* Description of the task
Using the data below, return the stretch from the line that contains "Selector1/1 -> [u]" through the line that contains "[X_Total] -> Mux/6", both included, exactly as it stands and nothing beyond it.

(Items listed in a dataset)
◆ ◆ ◆ ◆ ◆ ◆ ◆
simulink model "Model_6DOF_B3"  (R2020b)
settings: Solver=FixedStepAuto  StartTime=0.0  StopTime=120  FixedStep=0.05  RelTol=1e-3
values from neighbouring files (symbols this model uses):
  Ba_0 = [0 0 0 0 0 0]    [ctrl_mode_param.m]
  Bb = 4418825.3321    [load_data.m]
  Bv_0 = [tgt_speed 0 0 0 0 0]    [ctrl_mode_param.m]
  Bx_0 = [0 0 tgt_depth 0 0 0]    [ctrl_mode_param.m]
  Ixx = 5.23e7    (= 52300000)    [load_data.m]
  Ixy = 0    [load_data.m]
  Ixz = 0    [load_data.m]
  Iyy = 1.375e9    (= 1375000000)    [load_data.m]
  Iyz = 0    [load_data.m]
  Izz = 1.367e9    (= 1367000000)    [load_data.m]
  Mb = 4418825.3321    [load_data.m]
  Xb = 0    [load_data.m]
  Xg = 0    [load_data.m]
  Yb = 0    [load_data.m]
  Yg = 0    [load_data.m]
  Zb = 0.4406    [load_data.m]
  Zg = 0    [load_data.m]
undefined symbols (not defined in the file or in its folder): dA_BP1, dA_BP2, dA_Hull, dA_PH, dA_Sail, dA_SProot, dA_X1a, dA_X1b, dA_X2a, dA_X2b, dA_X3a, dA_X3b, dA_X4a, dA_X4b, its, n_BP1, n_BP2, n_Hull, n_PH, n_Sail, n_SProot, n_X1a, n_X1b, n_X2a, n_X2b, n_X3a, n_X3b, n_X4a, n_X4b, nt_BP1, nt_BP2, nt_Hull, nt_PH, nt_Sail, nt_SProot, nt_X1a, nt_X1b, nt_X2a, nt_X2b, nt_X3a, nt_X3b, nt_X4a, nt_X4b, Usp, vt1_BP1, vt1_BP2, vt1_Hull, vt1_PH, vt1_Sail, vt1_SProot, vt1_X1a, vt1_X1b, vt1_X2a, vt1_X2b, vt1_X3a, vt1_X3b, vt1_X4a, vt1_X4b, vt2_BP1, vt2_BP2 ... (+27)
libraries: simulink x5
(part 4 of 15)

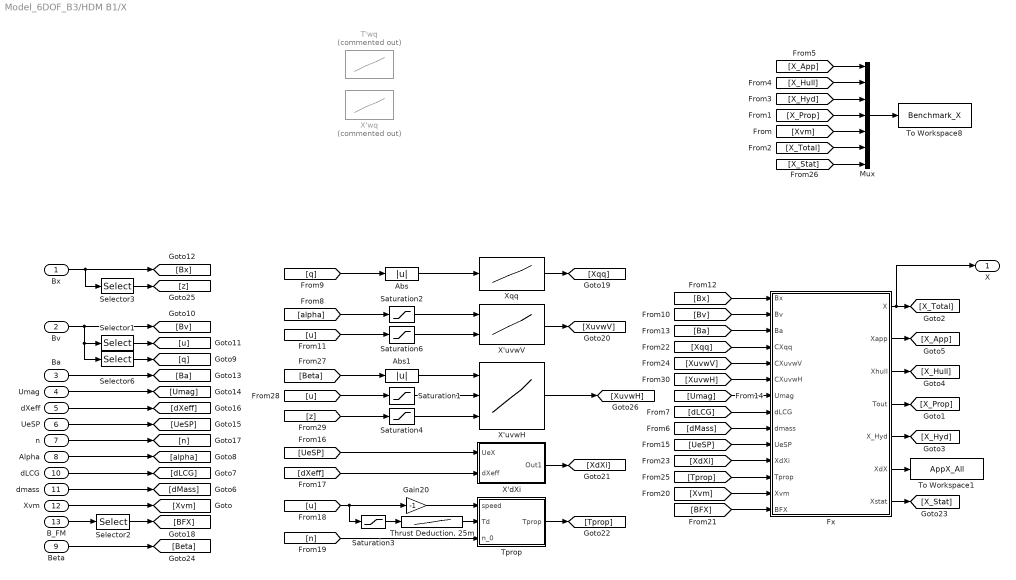
== system Model_6DOF_B3/HDM B1/X ==
  Bx : Inport
  Bv : Inport  Port=2
  Ba : Inport  Port=3
  Umag : Inport  Port=4
  dXeff : Inport  Port=5
  UeSP : Inport  Port=6
  n : Inport  Port=7
  Alpha : Inport  Port=8
  Beta : Inport  Port=9
  dLCG : Inport  Port=10
  dmass : Inport  Port=11
  Xvm : Inport  Port=12
  B_FM : Inport  Port=13
  Abs : Abs
  Abs1 : Abs
  Fx : MATLAB Function  TreatAsAtomicUnit=on
  Gain20 : Gain  Gain=-1
  Mux : Mux  Inputs=7
  Saturation1 : Saturate  UpperLimit=-1.543332  LowerLimit=-5.14444
  Saturation2 : Saturate  UpperLimit=30  LowerLimit=-30
  Saturation3 : Saturate  UpperLimit=-1.54333333  LowerLimit=-5.1444
  Saturation4 : Saturate  UpperLimit=-13.8724  LowerLimit=-35.0624
  Saturation6 : Saturate  UpperLimit=-1.543332  LowerLimit=-5.14444
  Selector1 : Selector  InputPortWidth=6  IndexOptions=Index vector (dialog)  Indices=1  OutputSizes=1
  Selector2 : Selector  InputPortWidth=6  IndexOptions=Index vector (dialog)  Indices=1  OutputSizes=1
  Selector3 : Selector  InputPortWidth=6  IndexOptions=Index vector (dialog)  Indices=3  OutputSizes=1
  Selector6 : Selector  InputPortWidth=6  IndexOptions=Index vector (dialog)  Indices=5  OutputSizes=1
  T'wq : Lookup_n-D  Commented=on  BreakpointsForDimension1=|  BreakpointsForDimension2=|  Table=|  InternalRulePriority=Speed  RndMeth=Simplest  InputSameDT=on
      BreakpointsForDimension1=|
      | [-2.5000E-02
      | -2.0000E-02
      | -1.5000E-02
      | -1.0000E-02
      | -5.0000E-03
      | 0.0000E+00
      | 5.0000E-03
      | ]
      BreakpointsForDimension2=|
      | [-7.71666
      | -5.14444
      | -3.086664]
      Table=|
      | reshape([-2.7354E-04
      | -2.2597E-04
      | -1.7840E-04
      | -1.3083E-04
      | -8.3252E-05
      | -3.5680E-05
      | 1.1893E-05
      | -9.4081E-05
      | -7.5784E-05
      | -5.7487E-05
      | -3.9189E-05
      | -2.0892E-05
      | -2.5949E-06
      | 1.5702E-05
      | -1.4962E-04
      | -1.2035E-04
      | -9.1070E-05
      | -6.1795E-05
      | -3.2519E-05
      | -3.2436E-06
      | 2.6032E-05
      | ],[7,3])
      settings: InputPortMap=u0,u1
  "Thrust Deduction, 25m" : Lookup_n-D  NumberOfTableDimensions=1  BreakpointsForDimension1=[-5.14444,-3.086664,-1.543332]  BreakpointsForDimension2=[0.1 1.543332 3.086664 5.14444 100]  Table=[0.2496,0.2444134,0.245958]  InternalRulePriority=Speed  RndMeth=Simplest  InputSameDT=on
  To Workspace1 : ToWorkspace  VariableName=AppX_All  SaveFormat=Timeseries  SampleTime=-1
  To Workspace8 : ToWorkspace  VariableName=Benchmark_X  SaveFormat=Timeseries  SampleTime=-1
  Tprop : MATLAB Function  TreatAsAtomicUnit=on
  X'dXi : Subsystem
  X'uvwH : Lookup_n-D  NumberOfTableDimensions=3  BreakpointsForDimension1=|  BreakpointsForDimension2=|  BreakpointsForDimension3=|  Table=|  InternalRulePriority=Speed  RndMeth=Simplest  InputSameDT=on
      BreakpointsForDimension1=|
      | [0
      | 4
      | 8
      | 12]
      BreakpointsForDimension2=|
      | [-5.1444
      | -3.08664
      | -1.54332]
      Table=|
      | reshape([0.0000000E+00
      | 8.7490400E-05
      | -4.2970032E-04
      | -8.6882993E-04
      | 0.0000000E+00
      | 9.2255510E-05
      | -3.6462757E-04
      | -8.6516720E-04
      | 0.0000000E+00
      | -8.0508235E-05
      | -3.3610820E-04
      | -9.1603355E-04
      | 0.0000000E+00
      | -9.0915847E-05
      | -3.9252667E-04
      | -9.2068441E-04
      | 0.0000000E+00
      | -1.0407599E-04
      | -3.8836462E-04
      | -9.1865822E-04
      | 0.0000000E+00
      | -8.4723950E-05
      | -3.5324770E-04
      | -9.7126434E-04
      | 0.0000000E+00
      | -9.3766627E-05
      | -4.1342843E-04
      | -9.4161914E-04
      | 0.0000000E+00
      | -1.0916277E-04
      | -4.0683220E-04
      | -9.6707684E-04
      | 0.0000000E+00
      | -8.8664811E-05
      | -3.7605406E-04
      | -9.4194453E-04
      | 0.0000000E+00
      | -9.2876985E-05
      | -4.0365964E-04
      | -9.3239814E-04
      | 0.0000000E+00
      | -1.1414747E-04
      | -4.4323139E-04
      | -1.0049645E-03
      | 0.0000000E+00
      | -9.4615234E-05
      | -4.9251136E-04
      | -9.8471513E-04],[4,3,4])
      BreakpointsForDimension3=|
      | [-35.0624 -18.3724 -15.3724 -13.8724
      | ]
      settings: InputPortMap=u0,u1,u2
  X'uvwV : Lookup_n-D  BreakpointsForDimension1=|  BreakpointsForDimension2=|  Table=|  InternalRulePriority=Speed  RndMeth=Simplest  InputSameDT=on
      BreakpointsForDimension1=|
      | [-12
      | -8
      | -4
      | 0
      | 4
      | 8
      | 12]
      BreakpointsForDimension2=|
      | [-5.1444
      | -3.08664
      | -1.54332]
      Table=|
      | reshape([8.5556500E-04
      | 9.0045500E-04
      | 9.7379500E-04
      | 1.0292250E-03
      | 1.0286950E-03
      | 9.7963500E-04
      | 1.0147450E-03
      | 9.0637500E-04
      | 9.3710500E-04
      | 1.0133950E-03
      | 1.0723650E-03
      | 1.0693650E-03
      | 1.0284650E-03
      | 1.1084650E-03
      | 9.8653120E-04
      | 9.9350120E-04
      | 1.0534412E-03
      | 1.1098412E-03
      | 1.1115412E-03
      | 1.0836412E-03
      | 1.1582412E-03],[7,3])
      settings: InputPortMap=u0,u1
  X'wq : Lookup_n-D  Commented=on  BreakpointsForDimension1=|  BreakpointsForDimension2=[-7.71666 -5.14444 -3.086664 -1.543332]  Table=|  InternalRulePriority=Speed  RndMeth=Simplest  InputSameDT=on
      BreakpointsForDimension1=|
      | [-2.5000E-02
      | -2.0000E-02
      | -1.5000E-02
      | -1.0000E-02
      | -5.0000E-03
      | 0.0000E+00
      | 5.0000E-03
      | ]
      Table=|
      | reshape([2.0716E-04
      | 1.9060E-04
      | 1.7404E-04
      | 1.5748E-04
      | 1.4091E-04
      | 1.2435E-04
      | 1.0779E-04
      | 1.3610E-04
      | 1.1954E-04
      | 1.0298E-04
      | 8.6416E-05
      | 6.9855E-05
      | 5.3295E-05
      | 3.6734E-05
      | 1.5577E-04
      | 1.2817E-04
      | 1.0057E-04
      | 7.2967E-05
      | 4.5366E-05
      | 1.7765E-05
      | -9.8361E-06
      | 1.4245E-04
      | 1.1485E-04
      | 8.7244E-05
      | 5.9643E-05
      | 3.2042E-05
      | 4.4412E-06
      | -2.3160E-05
      | ],[7,4])
      settings: InputPortMap=u0,u1
  Xqq : Lookup_n-D  NumberOfTableDimensions=1  BreakpointsForDimension1=|  Table=|  InternalRulePriority=Speed  RndMeth=Simplest  InputSameDT=on
      BreakpointsForDimension1=|
      | [-0.02
      | -0.015
      | -0.012958963
      | -0.009719222
      | -0.006479482
      | -0.003239741
      | -0.00161987
      | -0.000647948
      | 0.000647948
      | 0.00161987
      | 0.003239741
      | 0.006479482
      | 0.009719222
      | 0.012958963
      | 0.015
      | 0.02
      | ]
      Table=|
      | [1.5581E-04
      | 1.1369E-04
      | 2.0348E-04
      | 4.5268E-04
      | 3.8456E-04
      | 9.9241E-05
      | 3.8998E-04
      | 9.1300E-05
      | -3.1574E-04
      | -7.9139E-05
      | -9.0517E-04
      | -4.4764E-04
      | -5.9612E-04
      | -5.5873E-04
      | -5.9343E-04
      | -5.5869E-04
      | ]
  X : Outport
  wires:
  [XuvwH] -> Fx/6(CXuvwH)
  X'uvwH/1 -> [XuvwH]
  Saturation4/1 -> X'uvwH/3
  [z] -> Saturation4/1
  Selector3/1 -> [z]
  Saturation1/1 -> X'uvwH/2
  [u] -> Saturation1/1
  [Beta] -> Abs1/1
  Abs1/1 -> X'uvwH/1
  Beta/1 -> [Beta]
  [X_Stat] -> Mux/7
  [Tprop] -> Fx/12(Tprop)
  Tprop/1(Tprop) -> [Tprop]
  [XuvwV] -> Fx/5(CXuvwV)
  [XdXi] -> Fx/11(XdXi)
  X'dXi/1(Out1) -> [XdXi]
  X'uvwV/1 -> [XuvwV]
  Xqq/1 -> [Xqq]
  [Xqq] -> Fx/4(CXqq)
  [BFX] -> Fx/14(BFX)
  Selector2/1 -> [BFX]
  [Xvm] -> Fx/13(Xvm)
  Xvm/1 -> [Xvm]
  [n] -> Tprop/3(n_0)
  n/1 -> [n]
  dXeff/1 -> [dXeff]
  [dXeff] -> X'dXi/2(dXeff)
  [UeSP] -> X'dXi/1(UeX)
  UeSP/1 -> [UeSP]
  [UeSP] -> Fx/10(UeSP)
  Umag/1 -> [Umag]
  [Umag] -> Fx/7(Umag)
  Ba/1 -> [Ba]
  [Ba] -> Fx/3(Ba)
  Bx/1 -> Selector3/1, [Bx]
  [Bx] -> Fx/1(Bx)
  Selector1/1 -> [u]
  [u] -> Saturation6/1
  [Bv] -> Fx/2(Bv)
  Selector6/1 -> [q]
  Bv/1 -> Selector1/1, Selector6/1, [Bv]
  Alpha/1 -> [alpha]
  [alpha] -> Saturation2/1
  dLCG/1 -> [dLCG]
  [dLCG] -> Fx/8(dLCG)
  dmass/1 -> [dMass]
  [dMass] -> Fx/9(dmass)
  [X_App] -> Mux/1
  Fx/2(Xapp) -> [X_App]
  Fx/3(Xhull) -> [X_Hull]
  [X_Hull] -> Mux/2
  Fx/5(X_Hyd) -> [X_Hyd]
  [X_Hyd] -> Mux/3
  [X_Total] -> Mux/6
  [X_Prop] -> Mux/4
  Fx/4(Tout) -> [X_Prop]
  [Xvm] -> Mux/5
  Fx/7(Xstat) -> [X_Stat]
  B_FM/1 -> Selector2/1
  Fx/6(XdX) -> To Workspace1/1
  Mux/1 -> To Workspace8/1
  Saturation6/1 -> X'uvwV/2
  "Thrust Deduction, 25m"/1 -> Tprop/2(Td)
  Saturation3/1 -> "Thrust Deduction, 25m"/1
  Abs/1 -> Xqq/1
  [q] -> Abs/1
  [u] -> Gain20/1, Saturation3/1
  Fx/1(X) -> X/1, [X_Total]
  Gain20/1 -> Tprop/1(speed)
  Saturation2/1 -> X'uvwV/1

== system Model_6DOF_B3/HDM B1/X 6d org ==
  Bx : Inport
  Bv : Inport  Port=2
  Ba : Inport  Port=3
  Umag : Inport  Port=4
  dXeff : Inport  Port=5
  UeX : Inport  Port=6
  n : Inport  Port=7
  Alpha : Inport  Port=8
  dLCG : Inport  Port=9
  dmass : Inport  Port=10
  Xvm : Inport  Port=11
  Fx : MATLAB Function  TreatAsAtomicUnit=on
  Gain20 : Gain  Gain=-1
  MATLAB Function2 : MATLAB Function  TreatAsAtomicUnit=on
  Product3 : Product
  Saturation1 : Saturate  UpperLimit=-1  LowerLimit=-7.782
  Saturation2 : Saturate  UpperLimit=30  LowerLimit=-30
  Saturation3 : Saturate  UpperLimit=-1.54333333  LowerLimit=-7.782
  Selector : Selector  InputPortWidth=6  IndexOptions=Index vector (dialog)  Indices=1  OutputSizes=1
  Selector1 : Selector  InputPortWidth=6  IndexOptions=Index vector (dialog)  Indices=3  OutputSizes=1
  Selector18 : Selector  InputPortWidth=6  IndexOptions=Index vector (dialog)  Indices=1  OutputSizes=1
  Selector19 : Selector  InputPortWidth=6  IndexOptions=Index vector (dialog)  Indices=1  OutputSizes=1
  Selector2 : Selector  InputPortWidth=6  IndexOptions=Index vector (dialog)  Indices=3  OutputSizes=1
  Selector6 : Selector  InputPortWidth=6  IndexOptions=Index vector (dialog)  Indices=5  OutputSizes=1
  Subsystem1 : Subsystem
  T'wq : Lookup_n-D  BreakpointsForDimension1=|  BreakpointsForDimension2=|  Table=|  InternalRulePriority=Speed  RndMeth=Simplest  InputSameDT=on
      BreakpointsForDimension1=|
      | [-2.5000E-02
      | -2.0000E-02
      | -1.5000E-02
      | -1.0000E-02
      | -5.0000E-03
      | 0.0000E+00
      | 5.0000E-03
      | ]
      BreakpointsForDimension2=|
      | [-7.71666
      | -5.14444
      | -3.086664]
      Table=|
      | reshape([-2.7354E-04
      | -2.2597E-04
      | -1.7840E-04
      | -1.3083E-04
      | -8.3252E-05
      | -3.5680E-05
      | 1.1893E-05
      | -9.4081E-05
      | -7.5784E-05
      | -5.7487E-05
      | -3.9189E-05
      | -2.0892E-05
      | -2.5949E-06
      | 1.5702E-05
      | -1.4962E-04
      | -1.2035E-04
      | -9.1070E-05
      | -6.1795E-05
      | -3.2519E-05
      | -3.2436E-06
      | 2.6032E-05
      | ],[7,3])
      settings: InputPortMap=u0,u1
  "Thrust Deduction, 25m" : Lookup_n-D  NumberOfTableDimensions=1  BreakpointsForDimension1=[-5.14444,-3.086664,-1.543332]  BreakpointsForDimension2=[0.1 1.543332 3.086664 5.14444 100]  Table=[0.2496,0.2444134,0.245958]  InternalRulePriority=Speed  RndMeth=Simplest  InputSameDT=on
  To Workspace : ToWorkspace  VariableName=Xapp  SaveFormat=Timeseries  SampleTime=-1
  To Workspace1 : ToWorkspace  VariableName=Xstat  SaveFormat=Timeseries  SampleTime=-1
  To Workspace2 : ToWorkspace  VariableName=Xhull  SaveFormat=Timeseries  SampleTime=-1
  To Workspace3 : ToWorkspace  VariableName=Tout  SaveFormat=Timeseries  SampleTime=-1
  To Workspace4 : ToWorkspace  VariableName=Xtotal  SaveFormat=Timeseries  SampleTime=-1
  Tprop : MATLAB Function  TreatAsAtomicUnit=on
  X'uvw : Lookup_n-D  BreakpointsForDimension1=|  BreakpointsForDimension2=|  Table=|  InternalRulePriority=Speed  RndMeth=Simplest  InputSameDT=on
      BreakpointsForDimension1=|
      | [-12
      | -8
      | -4
      | 0
      | 4
      | 8
      | 12]
      BreakpointsForDimension2=|
      | [-5.1444
      | -3.08664
      | -1.54332]
      Table=|
      | reshape([8.0227E-04
      | 8.4716E-04
      | 9.2050E-04
      | 9.7593E-04
      | 9.7540E-04
      | 9.2634E-04
      | 9.6145E-04
      | 8.8861E-04
      | 9.1934E-04
      | 9.9563E-04
      | 1.0546E-03
      | 1.0516E-03
      | 1.0107E-03
      | 1.0907E-03
      | 9.8209E-04
      | 9.8906E-04
      | 1.0490E-03
      | 1.1054E-03
      | 1.1071E-03
      | 1.0792E-03
      | 1.1538E-03],[7,3])
      settings: InputPortMap=u0,u1
  X'wq : Lookup_n-D  BreakpointsForDimension1=|  BreakpointsForDimension2=[-7.71666 -5.14444 -3.086664 -1.543332]  Table=|  InternalRulePriority=Speed  RndMeth=Simplest  InputSameDT=on
      BreakpointsForDimension1=|
      | [-2.5000E-02
      | -2.0000E-02
      | -1.5000E-02
      | -1.0000E-02
      | -5.0000E-03
      | 0.0000E+00
      | 5.0000E-03
      | ]
      Table=|
      | reshape([2.0716E-04
      | 1.9060E-04
      | 1.7404E-04
      | 1.5748E-04
      | 1.4091E-04
      | 1.2435E-04
      | 1.0779E-04
      | 1.3610E-04
      | 1.1954E-04
      | 1.0298E-04
      | 8.6416E-05
      | 6.9855E-05
      | 5.3295E-05
      | 3.6734E-05
      | 1.5577E-04
      | 1.2817E-04
      | 1.0057E-04
      | 7.2967E-05
      | 4.5366E-05
      | 1.7765E-05
      | -9.8361E-06
      | 1.4245E-04
      | 1.1485E-04
      | 8.7244E-05
      | 5.9643E-05
      | 3.2042E-05
      | 4.4412E-06
      | -2.3160E-05
      | ],[7,4])
      settings: InputPortMap=u0,u1
  Xqq : Lookup_n-D  NumberOfTableDimensions=1  BreakpointsForDimension1=|  Table=|  InternalRulePriority=Speed  RndMeth=Simplest  InputSameDT=on
      BreakpointsForDimension1=|
      | [-0.02
      | -0.015
      | -0.012958963
      | -0.009719222
      | -0.006479482
      | -0.003239741
      | -0.00161987
      | -0.000647948
      | 0.000647948
      | 0.00161987
      | 0.003239741
      | 0.006479482
      | 0.009719222
      | 0.012958963
      | 0.015
      | 0.02
      | ]
      Table=|
      | [1.5581E-04
      | 1.1369E-04
      | 2.0348E-04
      | 4.5268E-04
      | 3.8456E-04
      | 9.9241E-05
      | 3.8998E-04
      | 9.1300E-05
      | -3.1574E-04
      | -7.9139E-05
      | -9.0517E-04
      | -4.4764E-04
      | -5.9612E-04
      | -5.5873E-04
      | -5.9343E-04
      | -5.5869E-04
      | ]
  X : Outport
  wires:
  Selector2/1 -> Subsystem1/3(z)
  Fx/5(Tout) -> To Workspace3/1
  Fx/4(Xhull) -> To Workspace2/1
  Fx/3(Xstat) -> To Workspace1/1
  Fx/2(Xapp) -> To Workspace/1
  Xvm/1 -> Fx/14(Xvm)
  X'uvw/1 -> Fx/6(CXuvw)
  T'wq/1 -> Fx/7(CTwq)
  X'wq/1 -> Fx/5(CXwq)
  dXeff/1 -> Subsystem1/2(dXeff)
  Selector1/1 -> Product3/2
  Product3/1 -> T'wq/1, X'wq/1
  Saturation1/1 -> T'wq/2, X'uvw/2, X'wq/2
  Subsystem1/1(XdXi) -> Fx/12(XdXi)
  dmass/1 -> Fx/10(dmass)
  dLCG/1 -> Fx/9(dLCG)
  n/1 -> Tprop/3(n_0)
  Ba/1 -> Fx/3(Ba)
  Bx/1 -> Selector2/1, Fx/1(Bx)
  Saturation2/1 -> X'uvw/1
  Selector18/1 -> Saturation1/1
  Selector/1 -> Gain20/1
  Gain20/1 -> Tprop/1(speed)
  Fx/1(X) -> X/1, To Workspace4/1
  Selector19/1 -> Saturation3/1
  Selector6/1 -> Product3/1, MATLAB Function2/1(u)
  Umag/1 -> Fx/8(Umag)
  MATLAB Function2/1(y) -> Xqq/1
  Alpha/1 -> Saturation2/1
  Bv/1 -> Fx/2(Bv), Selector6/1, Selector1/1, Selector18/1, Selector/1, Selector19/1
  Xqq/1 -> Fx/4(CXqq)
  Saturation3/1 -> "Thrust Deduction, 25m"/1
  "Thrust Deduction, 25m"/1 -> Tprop/2(Td)
  UeX/1 -> Fx/11(UeX), Subsystem1/1(UeX)
  Tprop/1(Tprop) -> Fx/13(Tprop)

== system Model_6DOF_B3/HDM B1/Y ==
  Bx : Inport
  Bv : Inport  Port=2
  Ba : Inport  Port=3
  Beta : Inport  Port=4
  Umag : Inport  Port=5
  dX : Inport  Port=6
  UeX : Inport  Port=7
  dLCG : Inport  Port=8
  dmass : Inport  Port=9
  Yvm : Inport  Port=10
  BFM : Inport  Port=11
  Abs1 : Abs
  Abs2 : Abs
  Fy : MATLAB Function  TreatAsAtomicUnit=on
  Gain1 : Gain
  Gain2 : Gain  Gain=2
  Mux : Mux  Inputs=7
  Product{,1..3} (4 alike) : Product
  Saturation4 : Saturate  UpperLimit=-13.8724  LowerLimit=-35.0624
  Selector1 : Selector  InputPortWidth=6  IndexOptions=Index vector (dialog)  Indices=2  OutputSizes=1
  Selector2 : Selector  InputPortWidth=6  IndexOptions=Index vector (dialog)  Indices=6  OutputSizes=1
  Selector3 : Selector  InputPortWidth=6  IndexOptions=Index vector (dialog)  Indices=2  OutputSizes=1
  Selector4 : Selector  InputPortWidth=6  IndexOptions=Index vector (dialog)  Indices=3  OutputSizes=1
  Selector7 : Selector  InputPortWidth=6  IndexOptions=Index vector (dialog)  Indices=1  OutputSizes=1
  Sign : Signum
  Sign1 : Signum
◆ ◆ ◆ ◆ ◆ ◆ ◆
* Result
  Selector1/1 -> [u]
  [u] -> Saturation6/1
  [Bv] -> Fx/2(Bv)
  Selector6/1 -> [q]
  Bv/1 -> Selector1/1, Selector6/1, [Bv]
  Alpha/1 -> [alpha]
  [alpha] -> Saturation2/1
  dLCG/1 -> [dLCG]
  [dLCG] -> Fx/8(dLCG)
  dmass/1 -> [dMass]
  [dMass] -> Fx/9(dmass)
  [X_App] -> Mux/1
  Fx/2(Xapp) -> [X_App]
  Fx/3(Xhull) -> [X_Hull]
  [X_Hull] -> Mux/2
  Fx/5(X_Hyd) -> [X_Hyd]
  [X_Hyd] -> Mux/3
  [X_Total] -> Mux/6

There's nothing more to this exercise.